Code Centric Eval First Development: Accelerating AI Features for Devs

13 May 2025with Dru Knox

Also available on

Dru Knox

Head of AI, Product, Tessl

Webinar

Table of Contents

Understanding Evaluation Phases in AI Development

The Initial "Vibe-Based" Phase

The "Quality-Obsessed" Extremes

Striking a Balance: Numbers and Pragmatism

Product-Led Evaluations

Designing with Evaluation in Mind

In this talk

In the world of AI-native development, evals aren’t just quality gates, they’re powerful design tools. Especially for codegen products, targeted evals can drive clarity, speed, and alignment across teams. This session dives into how code-centric evals can be used to prototype developer-facing AI features, bring cross-functional (XFN) stakeholders into the loop early, and set measurable goals for launch quality. Learn how to evolve your product rapidly with user feedback loops grounded in meaningful code evaluations—treating evals like the “Figma mock” for AI coding tools.

Understanding Evaluation Phases in AI Development

Dru Knox begins by challenging the conventional wisdom that evaluations inherently slow down development. Instead, he positions evals as pivotal for enabling rapid, collaborative iteration. Knox elaborates on Tesla’s journey through different evaluation "stages" that reflect common experiences among teams, especially when dealing with code-centric AI features.

The Initial "Vibe-Based" Phase

In the early stages of AI development, teams often rely on a "vibe-based" approach, where outputs are manually inspected for correctness. Knox warns that while this stage is expedient for early prototyping, it lacks consistency and scalability. He states, “When you look at a specific example... it’s hard to know where to target your fix if you don’t have a broader, more representative set.” This phase is fraught with challenges as the number of team members and code implementations grows.

The "Quality-Obsessed" Extremes

Following the initial phase, teams may swing to the opposite extreme, becoming "quality-obsessed." Here, massive annotated datasets and rigorous metrics are used in an attempt to quantify "correctness." Knox cautions that this can lead to paralysis: “You just never ship anything, because you can never finish the eval that you’re trying to build.” In code contexts, the subjective nature of code style and comments often complicates achieving a singular, definitive metric.

Striking a Balance: Numbers and Pragmatism

The solution, according to Knox, lies in a middle ground. He emphasizes the importance of embracing imperfect, yet representative input sets and "directionally correct" metrics. Knox advises designing focused checks to highlight areas for improvement rather than attempting to control every possible output. He succinctly puts it, “You just need signal.” This approach facilitates faster iterations and better integration of synthetic data, with a focus on statistical outliers.

Product-Led Evaluations

Tesla's current methodology, which Knox terms “product-led evals,” involves teams collaboratively defining precise input distributions and creating an operation taxonomy. This sharpens focus on what matters most, aligning evals with product priorities, and distinguishing “P0” must-succeed cases from lower priorities. Knox stresses, “Everyone on the team should generate some outputs by hand,” underscoring the value of deep product understanding.

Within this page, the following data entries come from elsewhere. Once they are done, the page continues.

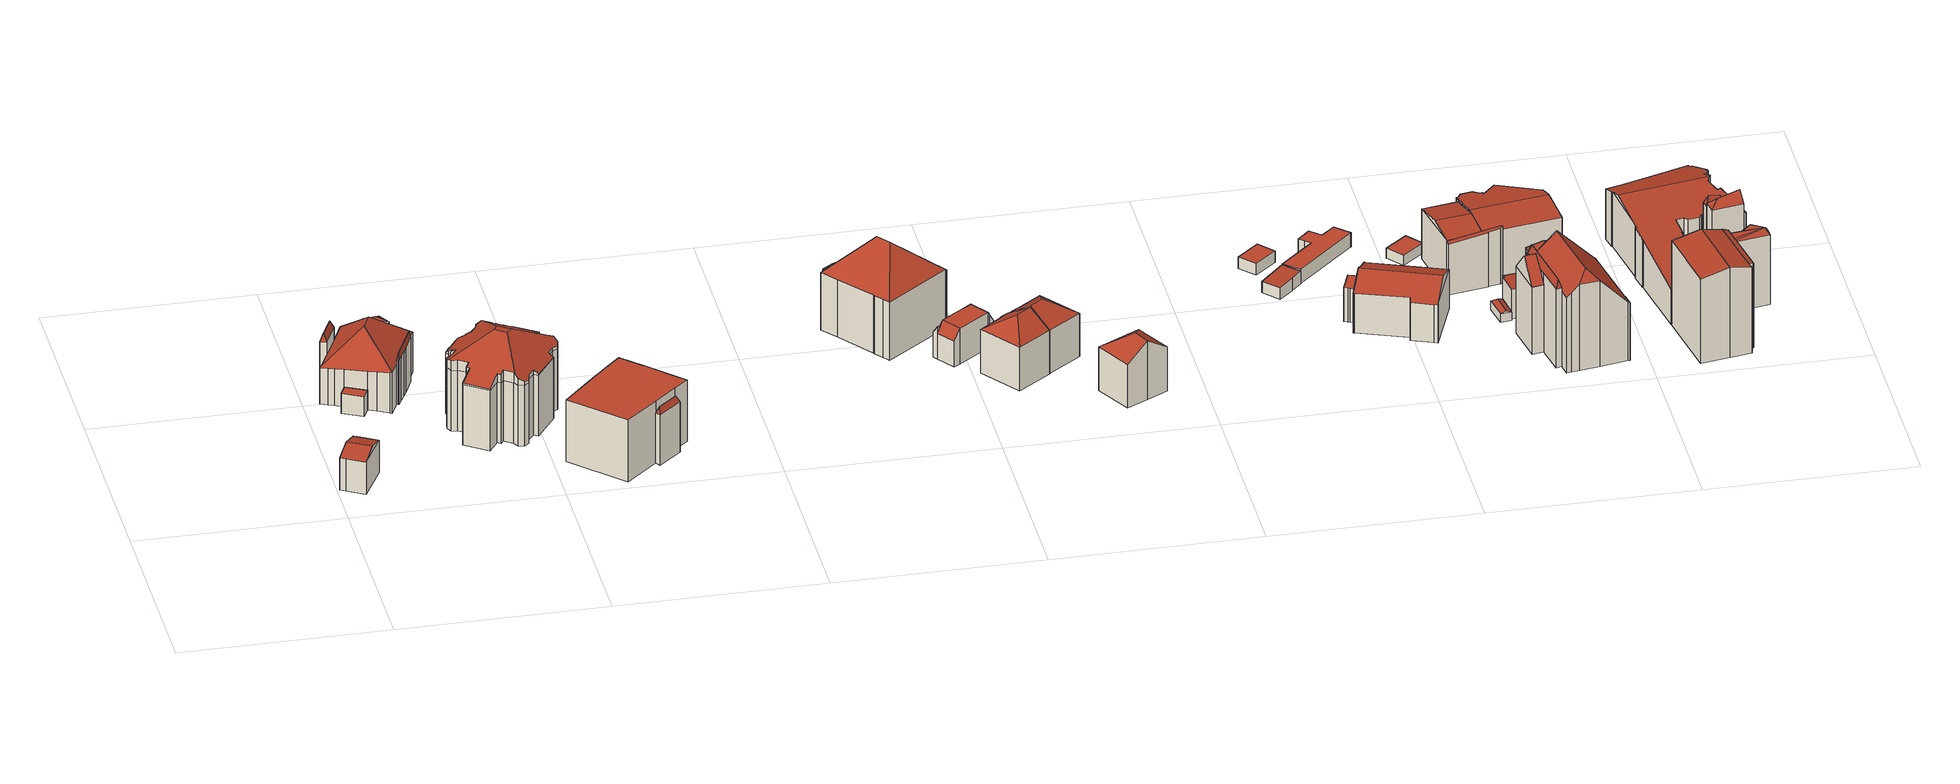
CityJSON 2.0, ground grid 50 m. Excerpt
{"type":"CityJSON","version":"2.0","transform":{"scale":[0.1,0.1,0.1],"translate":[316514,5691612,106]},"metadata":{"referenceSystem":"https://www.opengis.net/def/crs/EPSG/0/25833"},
"CityObjects":{
"building1":{"type":"Building","attributes":{"Dachtyp_tdc":"tdcFreeFormRoof","Gemeindeschluessel":14713000,"Dachneigung":15.36,"QualitaetDacherkennung":41,"Geometrietyp2DReferenz":"3000","function":"31001_9998","roofType":"5000","measuredHeight":9.79},"geometry":[{"type":"MultiSurface","lod":"2","boundaries":[[[0,1,2,3]],[[1,4,5,2]],[[4,6,7,5]],[[6,8,9,7]],[[8,10,11,9]],[[10,12,13,11]],[[12,14,15,13]],[[14,0,3,15]],[[16,14,12,10,8,17]],[[0,16,17,6,4,1]],[[0,14,16]],[[8,6,17]],[[3,2,5,7,9,11,13,15]]],"semantics":{"surfaces":[{"type":"WallSurface"},{"type":"RoofSurface"},{"type":"GroundSurface"}],"values":[0,0,0,0,0,0,0,0,1,1,0,0,2]}}]},
"building2":{"type":"Building","attributes":{"Dachtyp_tdc":"tdcPolyFlatRoof","Gemeindeschluessel":14713000,"Dachneigung":0,"QualitaetDacherkennung":39,"Geometrietyp2DReferenz":"3000","function":"31001_9998","roofType":"1000","measuredHeight":5.15},"geometry":[{"type":"MultiSurface","lod":"2","boundaries":[[[18,19,20,21]],[[19,22,23,20]],[[22,24,25,23]],[[24,18,21,25]],[[24,22,19,18]],[[21,20,23,25]]],"semantics":{"surfaces":[{"type":"WallSurface"},{"type":"RoofSurface"},{"type":"GroundSurface"}],"values":[0,0,0,0,1,2]}}]},
"building3":{"type":"Building","attributes":{"Gemeindeschluessel":14713000,"Geometrietyp2DReferenz":"3000","function":"31001_9998","roofType":"9999"},"children":["building3-1","building3-2","building3-3","building3-4"]},
"building3-1":{"type":"BuildingPart","attributes":{"Dachtyp_tdc":"tdcFreeFormRoof","Dachneigung":22.21,"QualitaetDacherkennung":17,"Geometrietyp2DReferenz":"3000","roofType":"5000","measuredHeight":12.73},"parents":["building3"],"geometry":[{"type":"MultiSurface","lod":"2","boundaries":[[[26,27,28,29,30]],[[27,31,32,28]],[[31,33,32]],[[34,31,27]],[[34,27,26,35]],[[34,35,31]],[[29,28,32,36]],[[37,33,31,35]],[[37,36,32,33]],[[30,37,35,26]],[[30,29,36,37]]],"semantics":{"surfaces":[{"type":"WallSurface"},{"type":"RoofSurface"},{"type":"GroundSurface"},{"type":"ClosureSurface"}],"values":[0,0,0,1,1,1,2,0,3,0,3]}}]},
"building3-2":{"type":"BuildingPart","attributes":{"Dachtyp_tdc":"tdcFreeFormRoof","Dachneigung":78.29,"QualitaetDacherkennung":28,"Geometrietyp2DReferenz":"3000","roofType":"5000","measuredHeight":13.33},"parents":["building3"],"geometry":[{"type":"MultiSurface","lod":"2","boundaries":[[[38,39,40,41]],[[39,42,43,40]],[[42,44,45,43]],[[44,46,47,45]],[[46,48,49,47]],[[48,50,51,52,49]],[[53,38,41,54,55]],[[50,48,46,56]],[[46,44,42,39,38,57,56]],[[38,53,58,57]],[[58,50,56,57]],[[41,40,43,45,47,49,52,59,54]],[[60,51,50,58]],[[60,59,52,51]],[[55,60,58,53]],[[55,54,59,60]]],"semantics":{"surfaces":[{"type":"WallSurface"},{"type":"RoofSurface"},{"type":"GroundSurface"},{"type":"ClosureSurface"}],"values":[0,0,0,0,0,0,0,1,1,1,1,2,0,3,0,3]}}]},
"building3-3":{"type":"BuildingPart","attributes":{"Dachtyp_tdc":"tdcFreeFormRoof","Dachneigung":69.82,"QualitaetDacherkennung":34,"Geometrietyp2DReferenz":"3000","roofType":"5000","measuredHeight":14.77},"parents":["building3"],"geometry":[{"type":"MultiSurface","lod":"2","boundaries":[[[61,62,63,64,65]],[[62,66,67,63]],[[66,68,69,70,67]],[[71,68,66]],[[72,71,66,62]],[[72,62,61]],[[71,72,61,68]],[[64,63,67,70]],[[65,69,68,61]],[[65,64,70,69]]],"semantics":{"surfaces":[{"type":"WallSurface"},{"type":"RoofSurface"},{"type":"GroundSurface"},{"type":"ClosureSurface"}],"values":[0,0,0,1,1,1,1,2,0,3]}}]},
"building3-4":{"type":"BuildingPart","attributes":{"Dachtyp_tdc":"tdcHipRoof","Dachneigung":43.46,"QualitaetDacherkennung":25,"Geometrietyp2DReferenz":"3000","roofType":"3200","measuredHeight":17.44},"parents":["building3"],"geometry":[{"type":"MultiSurface","lod":"2","boundaries":[[[51,73,74,52]],[[73,75,76,74]],[[75,77,78,76]],[[77,79,23,78]],[[79,80,20,23]],[[80,81,82,20]],[[81,83,84,82]],[[83,85,86,84]],[[85,87,88,86]],[[87,65,64,88]],[[69,89,90,70]],[[89,30,29,90]],[[33,91,92,32]],[[91,55,54,92]],[[91,33,37,30,89,93]],[[85,83,81,80,79,77,75,73,94]],[[89,69,65,87,85,94,93]],[[73,51,60,55,91,93,94]],[[52,74,76,78,23,20,82,84,86,88,64,70,90,29,36,32,92,54,59]],[[70,64,65,69]],[[36,29,30,37]],[[32,36,37,33]],[[59,54,55,60]],[[52,59,60,51]]],"semantics":{"surfaces":[{"type":"WallSurface"},{"type":"RoofSurface"},{"type":"GroundSurface"},{"type":"ClosureSurface"}],"values":[0,0,0,0,0,0,0,0,0,0,0,0,0,0,1,1,1,1,2,3,3,3,3,3]}}]},
"building4":{"type":"Building","attributes":{"Dachtyp_tdc":"tdcFreeFormRoof","Gemeindeschluessel":14713000,"Dachneigung":36.58,"QualitaetDacherkennung":14,"Geometrietyp2DReferenz":"3000","function":"31001_9998","roofType":"5000","measuredHeight":22.83},"geometry":[{"type":"MultiSurface","lod":"2","boundaries":[[[95,96,97,98]],[[98,97,99,100]],[[100,99,101,102]],[[102,101,103,104]],[[104,103,105,106]],[[106,105,107,108]],[[108,107,109,110]],[[110,109,111,112]],[[112,111,113,114]],[[114,113,115,116]],[[116,115,117,118]],[[118,117,119,120]],[[120,119,121,122]],[[122,121,123,124]],[[124,123,125,126]],[[127,128,129,130]],[[131,132,128,127]],[[130,129,133,134]],[[134,133,135,136]],[[136,135,137,138]],[[138,137,139,140]],[[141,142,143,144]],[[144,143,145,146]],[[146,145,132,131]],[[140,139,147,148]],[[149,150,151,152,153,154,155,156,157,158,159,160,161,162,163,164,165,166,167,168,169,170,171,172,173,174,175,176,177,178,179,180,181,182,183,184,185,186,187,188,189,190,191,192,193,194,195,196,197,198,199,200,201,202,203,204,205]],[[134,136,150,149]],[[136,138,151,150]],[[138,140,152,151]],[[140,148,153,152]],[[148,206,154,153]],[[206,207,155,154]],[[207,208,156,155]],[[208,209,157,156]],[[209,95,158,157]],[[95,98,159,158]],[[98,100,160,159]],[[100,102,161,160]],[[102,104,162,161]],[[104,106,163,162]],[[106,108,164,163]],[[108,110,165,164]],[[110,112,166,165]],[[112,114,167,166]],[[114,116,168,167]],[[116,118,169,168]],[[118,120,170,169]],[[120,122,171,170]],[[122,124,172,171]],[[124,126,173,172]],[[126,210,174,173]],[[210,211,175,174]],[[211,212,176,175]],[[212,213,177,176]],[[213,214,178,177]],[[214,215,179,178]],[[215,216,180,179]],[[216,217,181,180]],[[217,218,182,181]],[[218,219,183,182]],[[219,220,184,183]],[[220,221,185,184]],[[221,222,186,185]],[[222,223,187,186]],[[223,224,188,187]],[[224,225,189,188]],[[225,226,190,189]],[[226,227,191,190]],[[227,228,192,191]],[[228,229,193,192]],[[229,230,194,193]],[[230,231,195,194]],[[231,232,196,195]],[[232,233,197,196]],[[233,234,198,197]],[[234,235,199,198]],[[235,141,200,199]],[[141,144,201,200]],[[144,146,202,201]],[[146,131,203,202]],[[131,127,204,203]],[[127,130,205,204]],[[130,134,149,205]],[[132,145,143,142,236,237,238,239,147,139,137,135,133,129,128]],[[240,125,123,121,119,117,115,113,111,109,107,105,103,101,99,97,96,241,242,243,244,239,238,245]],[[246,247,248,249,250,251,218,252,253,254,255,256,257,258,259,240,245,260,261]],[[262,263,264,265,266,267,268,269,270,261,260,237,236,271,272]],[[237,260,245,238]],[[233,262,272,234]],[[234,272,271,235]],[[235,271,236,142,141]],[[224,246,261,270,225]],[[225,270,269,226]],[[226,269,268,227]],[[227,268,267,228]],[[228,267,266,229]],[[229,266,265,230]],[[230,265,264,231]],[[231,264,263,232]],[[232,263,262,233]],[[210,259,258,211]],[[126,125,240,259,210]],[[211,258,257,212]],[[212,257,256,213]],[[213,256,255,214]],[[214,255,254,215]],[[215,254,253,216]],[[216,253,252,217]],[[217,252,218]],[[219,251,250,220]],[[218,251,219]],[[220,250,249,221]],[[221,249,248,222]],[[222,248,247,223]],[[223,247,246,224]],[[206,244,243,207]],[[148,147,239,244,206]],[[207,243,242,208]],[[208,242,241,209]],[[209,241,96,95]]],"semantics":{"surfaces":[{"type":"WallSurface"},{"type":"GroundSurface"},{"type":"RoofSurface"}],"values":[0,0,0,0,0,0,0,0,0,0,0,0,0,0,0,0,0,0,0,0,0,0,0,0,0,1,0,0,0,0,0,0,0,0,0,0,0,0,0,0,0,0,0,0,0,0,0,0,0,0,0,0,0,0,0,0,0,0,0,0,0,0,0,0,0,0,0,0,0,0,0,0,0,0,0,0,0,0,0,0,0,0,0,2,2,2,2,2,0,0,0,0,0,0,0,0,0,0,0,0,0,0,0,0,0,0,0,0,0,0,0,0,0,0,0,0,0,0,0,0]}}]},
"building5":{"type":"Building","attributes":{"Gemeindeschluessel":14713000,"Geometrietyp2DReferenz":"3000","function":"31001_9998","roofType":"9999"},"children":["building5-1","building5-2","building5-3","building5-4"]},
"building5-1":{"type":"BuildingPart","attributes":{"Dachtyp_tdc":"tdcFreeFormRoof","Dachneigung":62.44,"QualitaetDacherkennung":22,"Geometrietyp2DReferenz":"3000","roofType":"5000","measuredHeight":15.37},"parents":["building5"],"geometry":[{"type":"MultiSurface","lod":"2","boundaries":[[[273,274,275,276]],[[274,277,278,275]],[[277,279,280,278]],[[281,279,277]],[[282,281,277,274]],[[282,274,273]],[[281,282,273,279]],[[276,275,278,280]],[[276,280,279,273]]],"semantics":{"surfaces":[{"type":"WallSurface"},{"type":"RoofSurface"},{"type":"GroundSurface"},{"type":"ClosureSurface"}],"values":[0,0,0,0,1,0,1,2,3]}}]},
"building5-2":{"type":"BuildingPart","attributes":{"Dachtyp_tdc":"tdcFreeFormRoof","Dachneigung":59.73,"QualitaetDacherkennung":16,"Geometrietyp2DReferenz":"3000","roofType":"5000","measuredHeight":10.86},"parents":["building5"],"geometry":[{"type":"MultiSurface","lod":"2","boundaries":[[[283,284,285,286]],[[284,287,288,285]],[[287,289,290,288]],[[291,289,287]],[[292,291,287,284]],[[292,284,283]],[[291,292,283,289]],[[286,285,288,290]],[[286,290,289,283]]],"semantics":{"surfaces":[{"type":"WallSurface"},{"type":"RoofSurface"},{"type":"GroundSurface"},{"type":"ClosureSurface"}],"values":[0,0,0,1,1,0,1,2,3]}}]},
"building5-3":{"type":"BuildingPart","attributes":{"Dachtyp_tdc":"tdcFreeFormRoof","Dachneigung":65.16,"QualitaetDacherkennung":27,"Geometrietyp2DReferenz":"3000","roofType":"5000","measuredHeight":14.76},"parents":["building5"],"geometry":[{"type":"MultiSurface","lod":"2","boundaries":[[[293,294,295,296]],[[294,297,298,295]],[[297,299,300,298]],[[301,299,297]],[[302,301,297,294]],[[302,294,293]],[[301,302,293,299]],[[295,298,300,296]],[[296,300,299,293]]],"semantics":{"surfaces":[{"type":"WallSurface"},{"type":"RoofSurface"},{"type":"GroundSurface"},{"type":"ClosureSurface"}],"values":[0,0,0,1,1,1,1,2,3]}}]},
"building5-4":{"type":"BuildingPart","attributes":{"Dachtyp_tdc":"tdcPolyFlatRoof","Dachneigung":0,"QualitaetDacherkennung":49,"Geometrietyp2DReferenz":"3000","roofType":"1000","measuredHeight":16.12},"parents":["building5"],"geometry":[{"type":"MultiSurface","lod":"2","boundaries":[[[303,300,299]],[[303,304,305,300]],[[304,306,307,305]],[[306,308,286,307]],[[308,283,286]],[[309,290,289]],[[309,310,311,290]],[[310,312,273,276,311]],[[313,314,315,280,279]],[[314,316,296,315]],[[316,293,296]],[[314,313,312,310,309,308,306,304,303,316]],[[300,305,307,286,290,311,276,280,315,296]],[[299,293,316,303]],[[299,300,296,293]],[[289,283,308,309]],[[289,290,286,283]],[[279,273,312,313]],[[279,280,276,273]]],"semantics":{"surfaces":[{"type":"WallSurface"},{"type":"RoofSurface"},{"type":"GroundSurface"},{"type":"ClosureSurface"}],"values":[0,0,0,0,0,0,0,0,0,0,0,1,2,0,3,0,3,0,3]}}]},
"building6":{"type":"Building","attributes":{"Dachtyp_tdc":"tdcPolyFlatRoof","Gemeindeschluessel":14713000,"Dachneigung":33.52,"QualitaetDacherkennung":45,"Geometrietyp2DReferenz":"3000","function":"31001_9998","roofType":"2100","measuredHeight":15.21},"geometry":[{"type":"MultiSurface","lod":"2","boundaries":[[[317,318,319,320]],[[318,321,322,319]],[[321,323,324,322]],[[323,325,326,324]],[[325,327,328,326]],[[327,317,320,328]],[[327,325,323,321,318,317]],[[320,319,322,324,326,328]]],"semantics":{"surfaces":[{"type":"WallSurface"},{"type":"RoofSurface"},{"type":"GroundSurface"}],"values":[0,0,0,0,0,0,1,2]}}]},
"building7":{"type":"Building","attributes":{"Dachtyp_tdc":"tdcHipRoof","Gemeindeschluessel":14713000,"Dachneigung":40.8,"QualitaetDacherkennung":83,"Geometrietyp2DReferenz":"3000","function":"31001_9998","roofType":"3200","measuredHeight":23.34},"geometry":[{"type":"MultiSurface","lod":"2","boundaries":[[[329,330,331,332]],[[330,333,334,331]],[[333,335,320,334]],[[335,336,328,320]],[[336,337,338,328]],[[337,339,340,338]],[[339,341,342,340]],[[341,343,344,342]],[[343,345,346,344]],[[345,347,348,346]],[[347,349,350,348]],[[349,351,352,350]],[[351,353,354,352]],[[353,355,356,354]],[[355,357,358,356]],[[357,359,360,358]],[[359,329,332,360]],[[355,353,361]],[[341,339,337,336,335,333,362]],[[353,351,349,347,345,343,341,362,361]],[[333,330,329,359,357,355,361,362]],[[332,331,334,320,328,338,340,342,344,346,348,350,352,354,356,358,360]]],"semantics":{"surfaces":[{"type":"WallSurface"},{"type":"RoofSurface"},{"type":"GroundSurface"}],"values":[0,0,0,0,0,0,0,0,0,0,0,0,0,0,0,0,0,1,1,1,1,2]}}]},
"building8":{"type":"Building","attributes":{"Gemeindeschluessel":14713000,"Geometrietyp2DReferenz":"3000","function":"31001_9998","roofType":"9999"},"children":["building8-1","building8-2"]},
"building8-1":{"type":"BuildingPart","attributes":{"Dachtyp_tdc":"tdcPolyFlatRoof","Dachneigung":55.82,"QualitaetDacherkennung":37,"Geometrietyp2DReferenz":"3000","roofType":"2100","measuredHeight":8.26},"parents":["building8"],"geometry":[{"type":"MultiSurface","lod":"2","boundaries":[[[363,364,365,366]],[[367,368,369,370,371]],[[368,363,366,369]],[[368,367,372,373,364,363]],[[366,365,374,370,369]],[[371,372,367]],[[370,374,373,372,371]],[[374,365,364,373]]],"semantics":{"surfaces":[{"type":"WallSurface"},{"type":"RoofSurface"},{"type":"GroundSurface"},{"type":"ClosureSurface"}],"values":[0,0,0,1,2,0,3,3]}}]},
"building8-2":{"type":"BuildingPart","attributes":{"Dachtyp_tdc":"tdcCutGableRoof","Dachneigung":0.116,"QualitaetDacherkennung":46,"Geometrietyp2DReferenz":"3000","roofType":"9999","measuredHeight":9.32},"parents":["building8"],"geometry":[{"type":"MultiSurface","lod":"2","boundaries":[[[375,376,377,378]],[[376,379,380,377]],[[379,381,382,380]],[[381,383,384,382]],[[383,385,386,384]],[[385,387,388,386]],[[387,371,370,388]],[[389,390,391,365,364]],[[390,375,378,391]],[[383,381,379,376,375,390]],[[392,372,371,387,385]],[[390,389,392,385,383]],[[378,377,380,382,384,386,388,370,374,365,391]],[[373,372,392]],[[374,370,371,372,373]],[[389,364,373,392]],[[374,373,364,365]]],"semantics":{"surfaces":[{"type":"WallSurface"},{"type":"RoofSurface"},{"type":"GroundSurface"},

Designing with Evaluation in Mind

Knox advocates for designing products around existing model limitations. This includes transparently surfacing errors, displaying alternative outputs, and pausing workflows to manage known weak spots. Such strategies enable earlier launches and garner essential user feedback, even if the user experience is not entirely polished. He concludes by recommending a balanced approach: leverage synthetic data, adopt simple metrics, and engage in human-in-the-loop processes to ensure reliability.